# Guys who cannot have sex because women are too ugly to have sex with



## SnowFlakesFire (Aug 23, 2012)

Before you continue that roll, be aware that is* YOU *who cause the next anorexia/bulimia /suicide/ destroyed self-image

Also that is abusing and bullying

Women are not your sex toys


----------



## Sacrieur (Jan 14, 2013)

Umm... Are you?

I am confuse.


----------



## creasy (Oct 29, 2012)

I'm sorry, but I don't choose who I'm physically attracted to. If you wanna hunch over the toilet and stick your fingers down your throat because of it, not my fault.


----------



## Milco (Dec 12, 2009)

I haven't seen anybody saying women are too ugly and they only want the absolutely prettiest ones, so..

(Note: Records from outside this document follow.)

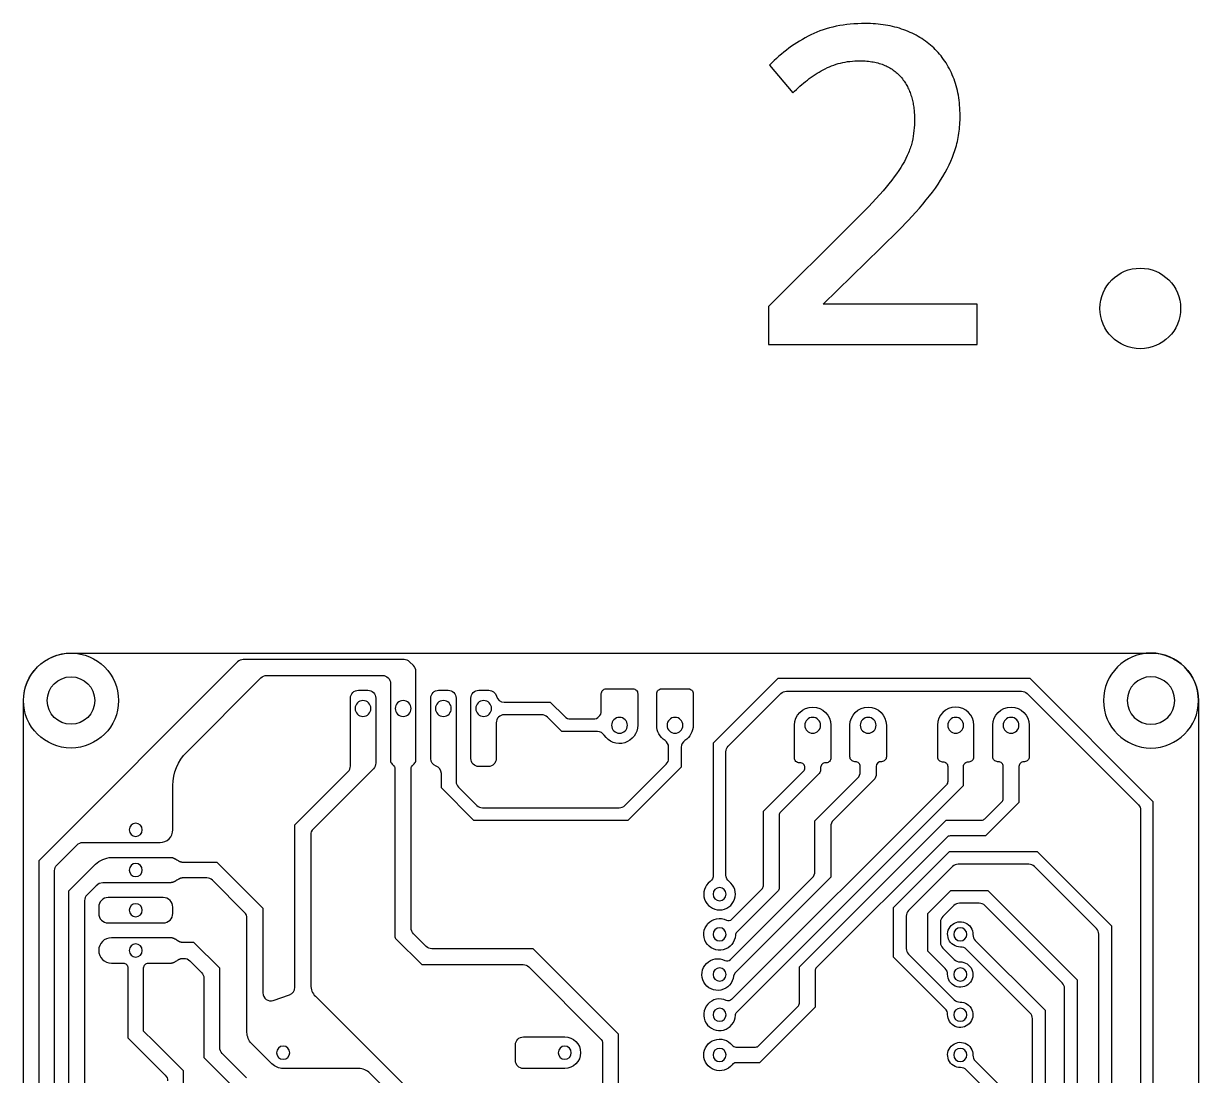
# Model space of a CAD drawing. Extents: x -177 to 52, y -70 to 234.
# Drawn here: x -115.8 to -41.6, y 167.8 to 234.3 of the extents above; entities that cross this region are included whole.
import ezdxf

# ---------------------------------------------------------------- set-up
doc = ezdxf.new("R2010")
doc.units = 0
doc.layers.get('0').update_dxf_attribs({"color": 160, "linetype": 'CONTINUOUS'})
for name, color, linetype in [('DEFAULT', 7, 'CONTINUOUS'), ('HOLES', 22, 'CONTINUOUS'), ('MOSFET', 7, 'CONTINUOUS'), ('MOSFET$TRACES', 7, 'CONTINUOUS')]:
    doc.layers.add(name, color=color, linetype=linetype)

msp = doc.modelspace()

# ---------------------------------------------------------------- linework, layer by layer
msp.add_lwpolyline([(-63.578, 221.529), (-68.751, 216.387), (-68.751, 214), (-55.575, 214), (-55.575, 216.54), (-65.292, 216.54), (-61.666, 220.075), (-60.466, 221.265), (-59.931, 221.822), (-59.439, 222.355), (-59.209, 222.614), (-58.989, 222.871), (-58.779, 223.126), (-58.578, 223.378), (-58.388, 223.629), (-58.208, 223.877), (-58.038, 224.123), (-57.878, 224.367), (-57.728, 224.61), (-57.588, 224.854), (-57.458, 225.097), (-57.337, 225.341), (-57.226, 225.585), (-57.125, 225.829), (-57.078, 225.951), (-57.034, 226.074), (-56.992, 226.196), (-56.953, 226.318), (-56.916, 226.441), (-56.881, 226.566), (-56.849, 226.691), (-56.819, 226.818), (-56.791, 226.947), (-56.766, 227.076), (-56.743, 227.207), (-56.723, 227.34), (-56.705, 227.473), (-56.69, 227.608), (-56.676, 227.744), (-56.666, 227.882), (-56.657, 228.021), (-56.651, 228.161), (-56.647, 228.445), (-56.648, 228.614), (-56.653, 228.781), (-56.662, 228.946), (-56.674, 229.109), (-56.689, 229.27), (-56.708, 229.428), (-56.73, 229.584), (-56.756, 229.738), (-56.785, 229.89), (-56.817, 230.04), (-56.853, 230.188), (-56.892, 230.333), (-56.934, 230.477), (-56.98, 230.618), (-57.03, 230.757), (-57.083, 230.894), (-57.139, 231.028), (-57.197, 231.16), (-57.259, 231.289), (-57.323, 231.416), (-57.39, 231.54), (-57.46, 231.661), (-57.533, 231.78), (-57.609, 231.896), (-57.687, 232.009), (-57.768, 232.12), (-57.852, 232.228), (-57.939, 232.334), (-58.029, 232.437), (-58.121, 232.537), (-58.216, 232.635), (-58.314, 232.73), (-58.415, 232.822), (-58.518, 232.912), (-58.623, 232.999), (-58.731, 233.083), (-58.841, 233.164), (-58.953, 233.243), (-59.068, 233.319), (-59.185, 233.392), (-59.304, 233.462), (-59.426, 233.53), (-59.55, 233.595), (-59.676, 233.657), (-59.804, 233.716), (-59.935, 233.773), (-60.069, 233.826), (-60.204, 233.878), (-60.342, 233.926), (-60.482, 233.971), (-60.623, 234.013), (-60.766, 234.052), (-60.911, 234.087), (-61.058, 234.12), (-61.207, 234.15), (-61.358, 234.176), (-61.51, 234.199), (-61.665, 234.219), (-61.821, 234.237), (-61.979, 234.251), (-62.139, 234.261), (-62.301, 234.269), (-62.464, 234.274), (-62.63, 234.275), (-62.873, 234.273), (-63.112, 234.264), (-63.347, 234.25), (-63.579, 234.23), (-63.807, 234.205), (-64.031, 234.174), (-64.251, 234.138), (-64.468, 234.096), (-64.681, 234.048), (-64.89, 233.995), (-65.095, 233.936), (-65.297, 233.871), (-65.494, 233.801), (-65.688, 233.725), (-65.879, 233.643), (-66.065, 233.556), (-66.248, 233.464), (-66.429, 233.369), (-66.607, 233.27), (-66.782, 233.167), (-66.954, 233.06), (-67.124, 232.95), (-67.291, 232.836), (-67.456, 232.718), (-67.617, 232.597), (-67.776, 232.472), (-67.933, 232.343), (-68.086, 232.211), (-68.237, 232.074), (-68.386, 231.934), (-68.531, 231.791), (-68.674, 231.643), (-67.205, 229.884), (-67.095, 229.995), (-66.984, 230.104), (-66.872, 230.21), (-66.758, 230.314), (-66.643, 230.415), (-66.527, 230.513), (-66.41, 230.609), (-66.291, 230.702), (-66.171, 230.793), (-66.049, 230.881), (-65.926, 230.966), (-65.802, 231.049), (-65.677, 231.129), (-65.55, 231.206), (-65.422, 231.281), (-65.292, 231.353), (-65.161, 231.421), (-65.029, 231.485), (-64.894, 231.545), (-64.758, 231.6), (-64.62, 231.651), (-64.48, 231.698), (-64.338, 231.74), (-64.194, 231.777), (-64.049, 231.811), (-63.902, 231.839), (-63.753, 231.864), (-63.602, 231.884), (-63.45, 231.899), (-63.296, 231.91), (-63.14, 231.917), (-62.982, 231.919), (-62.868, 231.918), (-62.756, 231.914), (-62.646, 231.909), (-62.539, 231.901), (-62.433, 231.891), (-62.33, 231.878), (-62.228, 231.863), (-62.129, 231.846), (-62.031, 231.827), (-61.936, 231.805), (-61.842, 231.781), (-61.751, 231.755), (-61.661, 231.727), (-61.574, 231.696), (-61.489, 231.663), (-61.406, 231.628), (-61.324, 231.591), (-61.245, 231.552), (-61.167, 231.512), (-61.092, 231.469), (-61.018, 231.426), (-60.946, 231.38), (-60.877, 231.333), (-60.809, 231.284), (-60.743, 231.233), (-60.679, 231.181), (-60.616, 231.127), (-60.556, 231.072), (-60.498, 231.014), (-60.441, 230.955), (-60.387, 230.895), (-60.334, 230.832), (-60.284, 230.769), (-60.234, 230.704), (-60.187, 230.637), (-60.141, 230.57), (-60.097, 230.501), (-60.055, 230.431), (-60.014, 230.36), (-59.975, 230.287), (-59.937, 230.214), (-59.902, 230.138), (-59.868, 230.062), (-59.835, 229.985), (-59.804, 229.906), (-59.775, 229.826), (-59.748, 229.744), (-59.722, 229.662), (-59.698, 229.578), (-59.676, 229.494), (-59.655, 229.41), (-59.635, 229.325), (-59.617, 229.239), (-59.601, 229.153), (-59.586, 229.066), (-59.573, 228.979), (-59.561, 228.891), (-59.551, 228.803), (-59.543, 228.714), (-59.536, 228.625), (-59.53, 228.535), (-59.526, 228.444), (-59.523, 228.262), (-59.526, 228.068), (-59.533, 227.878), (-59.545, 227.691), (-59.562, 227.508), (-59.583, 227.328), (-59.609, 227.151), (-59.64, 226.978), (-59.676, 226.808), (-59.697, 226.723), (-59.719, 226.638), (-59.744, 226.553), (-59.771, 226.466), (-59.8, 226.379), (-59.832, 226.291), (-59.866, 226.203), (-59.902, 226.114), (-59.941, 226.024), (-59.981, 225.933), (-60.069, 225.751), (-60.167, 225.565), (-60.273, 225.377), (-60.39, 225.185), (-60.517, 224.988), (-60.655, 224.787), (-60.805, 224.58), (-60.965, 224.368), (-61.137, 224.151), (-61.319, 223.929), (-61.513, 223.702), (-61.94, 223.221), (-62.427, 222.699)], close=True)
msp.add_circle((-45.269, 216.272), 2.548)
at = {"layer": 'DEFAULT'}
msp.add_line((-86.734, 192.15), (-86.734, 192.15), dxfattribs=at)
for points in [[(-78.219, 166.413), (-78.219, 170.427), (-83.61, 175.818), (-90.006, 175.818, -0.198912), (-90.36, 175.964), (-91.168, 176.772, -0.198912), (-91.314, 177.126), (-91.314, 187.198, -0.212795), (-91.215, 187.421), (-91.114, 187.512, 0.212795), (-91.014, 187.735), (-91.014, 193.349, 0.202574), (-91.166, 193.708), (-91.409, 193.944, 0.195256), (-91.758, 194.085), (-101.916, 194.085, 0.198912), (-102.27, 193.939), (-114.831, 181.378), (-114.831, 135.914)], [(-113.831, 136.537), (-113.831, 180.755, -0.198912), (-113.685, 181.108), (-112.406, 182.387, -0.198912), (-112.053, 182.533), (-107.163, 182.533, 0.414214), (-106.363, 183.333), (-106.363, 186.128, -0.198912), (-105.485, 188.249), (-100.795, 192.939, -0.198912), (-100.441, 193.085), (-93.114, 193.085, -0.414214), (-92.614, 192.585), (-92.614, 187.712, 0.209975), (-92.517, 187.491), (-92.441, 187.421, -0.209975), (-92.344, 187.2), (-92.344, 176.629, 0.201207), (-92.255, 176.415), (-90.629, 174.818), (-84.233, 174.818, -0.198912), (-83.88, 174.671), (-79.367, 170.159, -0.198915), (-79.221, 169.805), (-79.221, 166.206)], [(-101.699, 167.66), (-103.252, 169.212, -0.198912), (-103.398, 169.566), (-103.398, 174.585), (-105.026, 176.213), (-105.683, 176.213), (-105.709, 176.213), (-105.735, 176.214), (-105.748, 176.214), (-105.761, 176.215), (-105.775, 176.216), (-105.788, 176.218), (-105.801, 176.22), (-105.814, 176.222), (-105.828, 176.225), (-105.841, 176.228), (-105.855, 176.231), (-105.868, 176.235), (-105.882, 176.239), (-105.895, 176.244), (-105.909, 176.249), (-105.922, 176.255), (-105.936, 176.261), (-105.95, 176.267), (-105.964, 176.274), (-105.977, 176.281), (-106.005, 176.296), (-106.033, 176.312), (-106.061, 176.328), (-106.117, 176.363), (-106.173, 176.398), (-106.201, 176.415), (-106.229, 176.431), (-106.256, 176.445), (-106.27, 176.452), (-106.284, 176.459), (-106.298, 176.465), (-106.311, 176.471), (-106.325, 176.477), (-106.339, 176.482), (-106.352, 176.487), (-106.366, 176.491), (-106.379, 176.495), (-106.393, 176.498), (-106.406, 176.502), (-106.419, 176.504), (-106.433, 176.506), (-106.446, 176.508), (-106.459, 176.51), (-106.472, 176.511), (-106.485, 176.512), (-106.499, 176.512), (-106.525, 176.513), (-106.551, 176.513), (-110.243, 176.513, 1), (-110.243, 174.913), (-109.503, 174.913, -0.414214), (-109.203, 174.613), (-109.203, 170.2), (-106.835, 167.831, -0.198912), (-106.688, 167.478)], [(-105.688, 166.073), (-105.688, 168.099), (-107.57, 169.981), (-108.203, 170.614), (-108.203, 174.613, -0.414214), (-107.903, 174.913), (-106.551, 174.913), (-106.525, 174.913), (-106.499, 174.914), (-106.485, 174.914), (-106.472, 174.915), (-106.459, 174.916), (-106.446, 174.918), (-106.433, 174.92), (-106.419, 174.922), (-106.406, 174.925), (-106.393, 174.928), (-106.379, 174.931), (-106.366, 174.935), (-106.352, 174.939), (-106.339, 174.944), (-106.325, 174.949), (-106.311, 174.955), (-106.298, 174.961), (-106.284, 174.967), (-106.27, 174.974), (-106.256, 174.981), (-106.229, 174.996), (-106.201, 175.012), (-106.173, 175.028), (-106.117, 175.063), (-106.061, 175.098), (-106.033, 175.115), (-106.005, 175.131), (-105.977, 175.145), (-105.964, 175.152), (-105.95, 175.159), (-105.936, 175.165), (-105.922, 175.171), (-105.909, 175.177), (-105.895, 175.182), (-105.882, 175.187), (-105.868, 175.191), (-105.855, 175.195), (-105.841, 175.198), (-105.828, 175.202), (-105.814, 175.204), (-105.801, 175.206), (-105.788, 175.208), (-105.775, 175.21), (-105.761, 175.211), (-105.748, 175.212), (-105.735, 175.212), (-105.709, 175.213), (-105.683, 175.213), (-105.649, 175.213, -0.198912), (-105.295, 175.067), (-104.544, 174.316, -0.198912), (-104.398, 173.962), (-104.398, 168.943), (-101.515, 166.06, 0.198912)]]:
    msp.add_lwpolyline(points, format="xyb", dxfattribs=at)
at = {"layer": 'DEFAULT', "extrusion": (0, 0, -1)}
for centre in [(94.354, 191), (91.814, 191), (89.274, 191), (86.734, 191)]:
    msp.add_circle(centre, 0.5, dxfattribs=at)
at = {"layer": 'HOLES'}
msp.add_circle((-112.791, 191.5), 1.5, dxfattribs=at)
at = {"layer": 'HOLES', "extrusion": (0, 0, -1)}
for centre, radius in [((44.591, 191.5), 1.5), ((78.153, 189.938), 0.5), ((74.653, 189.938), 0.5), ((65.952, 189.938), 0.5), ((62.452, 189.938), 0.5), ((56.927, 189.938), 0.5), ((53.427, 189.938), 0.5), ((108.703, 183.333), 0.415), ((108.703, 180.793), 0.415), ((71.833, 179.27), 0.415), ((108.703, 178.253), 0.415), ((71.833, 176.73), 0.415), ((56.633, 176.73), 0.415), ((108.703, 175.713), 0.415), ((71.833, 174.19), 0.415), ((56.633, 174.19), 0.415), ((71.833, 171.65), 0.415), ((56.633, 171.65), 0.415), ((99.392, 169.253), 0.415), ((81.612, 169.253), 0.415), ((71.833, 169.11), 0.415), ((56.633, 169.11), 0.415)]:
    msp.add_circle(centre, radius, dxfattribs=at)
at = {"layer": 'MOSFET'}
msp.add_lwpolyline([(-115.791, 102.5), (-115.791, 191.5, -0.414214), (-112.791, 194.5), (-44.591, 194.5, -0.414214), (-41.591, 191.5), (-41.591, 102.5, -0.414214), (-44.591, 99.5), (-112.791, 99.5, -0.414214)], format="xyb", close=True, dxfattribs=at)
msp.add_circle((-112.791, 191.5), 3, dxfattribs=at)
at = {"layer": 'MOSFET', "extrusion": (0, 0, -1)}
msp.add_circle((44.591, 191.5), 3, dxfattribs=at)
at = {"layer": 'MOSFET$TRACES'}
for points in [[(-78.167, 184.724, 0.198912), (-77.813, 184.87), (-75.2, 187.484, 0.198912), (-75.053, 187.837), (-75.053, 188.555, 0.253709), (-75.281, 188.974, -0.253709), (-75.803, 189.938), (-75.803, 191.938, -0.414214), (-75.503, 192.238), (-73.803, 192.238, -0.414214), (-73.503, 191.938), (-73.503, 189.938, -0.253709), (-74.026, 188.974, 0.253709), (-74.253, 188.555), (-74.253, 187.299), (-77.628, 183.924), (-87.349, 183.924), (-89.404, 185.979), (-89.404, 186.888, 0.31881), (-89.739, 187.36, -0.31881), (-90.074, 187.832), (-90.074, 191.65, -0.414214), (-89.574, 192.15), (-88.974, 192.15, -0.414214), (-88.474, 191.65), (-88.474, 186.388, 0.198912), (-88.328, 186.034), (-87.164, 184.87, 0.198912), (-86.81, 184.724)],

But by the same logic, is it the women who have rejected me that are responsible for the problems in my life?
I think many would object to that.


----------



## SilentLyric (Aug 20, 2012)

no, I'm positive it is those women who make those decisions.

also,


----------



## Dita (Feb 24, 2012)

My brain feels like draining away when I read OP's posts.


----------



## James_Russell (Aug 26, 2011)




----------



## In a Lonely Place (Mar 26, 2012)

naah......


----------



## herk (Dec 10, 2012)

everything makes sense now


----------



## seychelle (Oct 23, 2009)

You started a "Where people are nice and friendly -section thread", and now you started this thread. This definitely isn't the nice area - eh, I should say your post isn't going to attract nice responses.


----------



## SnowFlakesFire (Aug 23, 2012)

creasy said:


> I'm sorry, but I don't choose who I'm physically attracted to. If you wanna hunch over the toilet and stick your fingers down your throat because of it, not my fault.


You don't have to sex with women you keep ugly.. You just don't have to be like jehovas witness for to destroy peoples self image.


----------



## Fenren (Sep 20, 2009)

Who cares about the ugly mans feelings and needs in all this?


----------



## SnowFlakesFire (Aug 23, 2012)

cypher said:


> You started a "Where people are nice and friendly -section thread", and now you started this thread. This definitely isn't the nice area - eh, I should say your post isn't going to attract nice responses.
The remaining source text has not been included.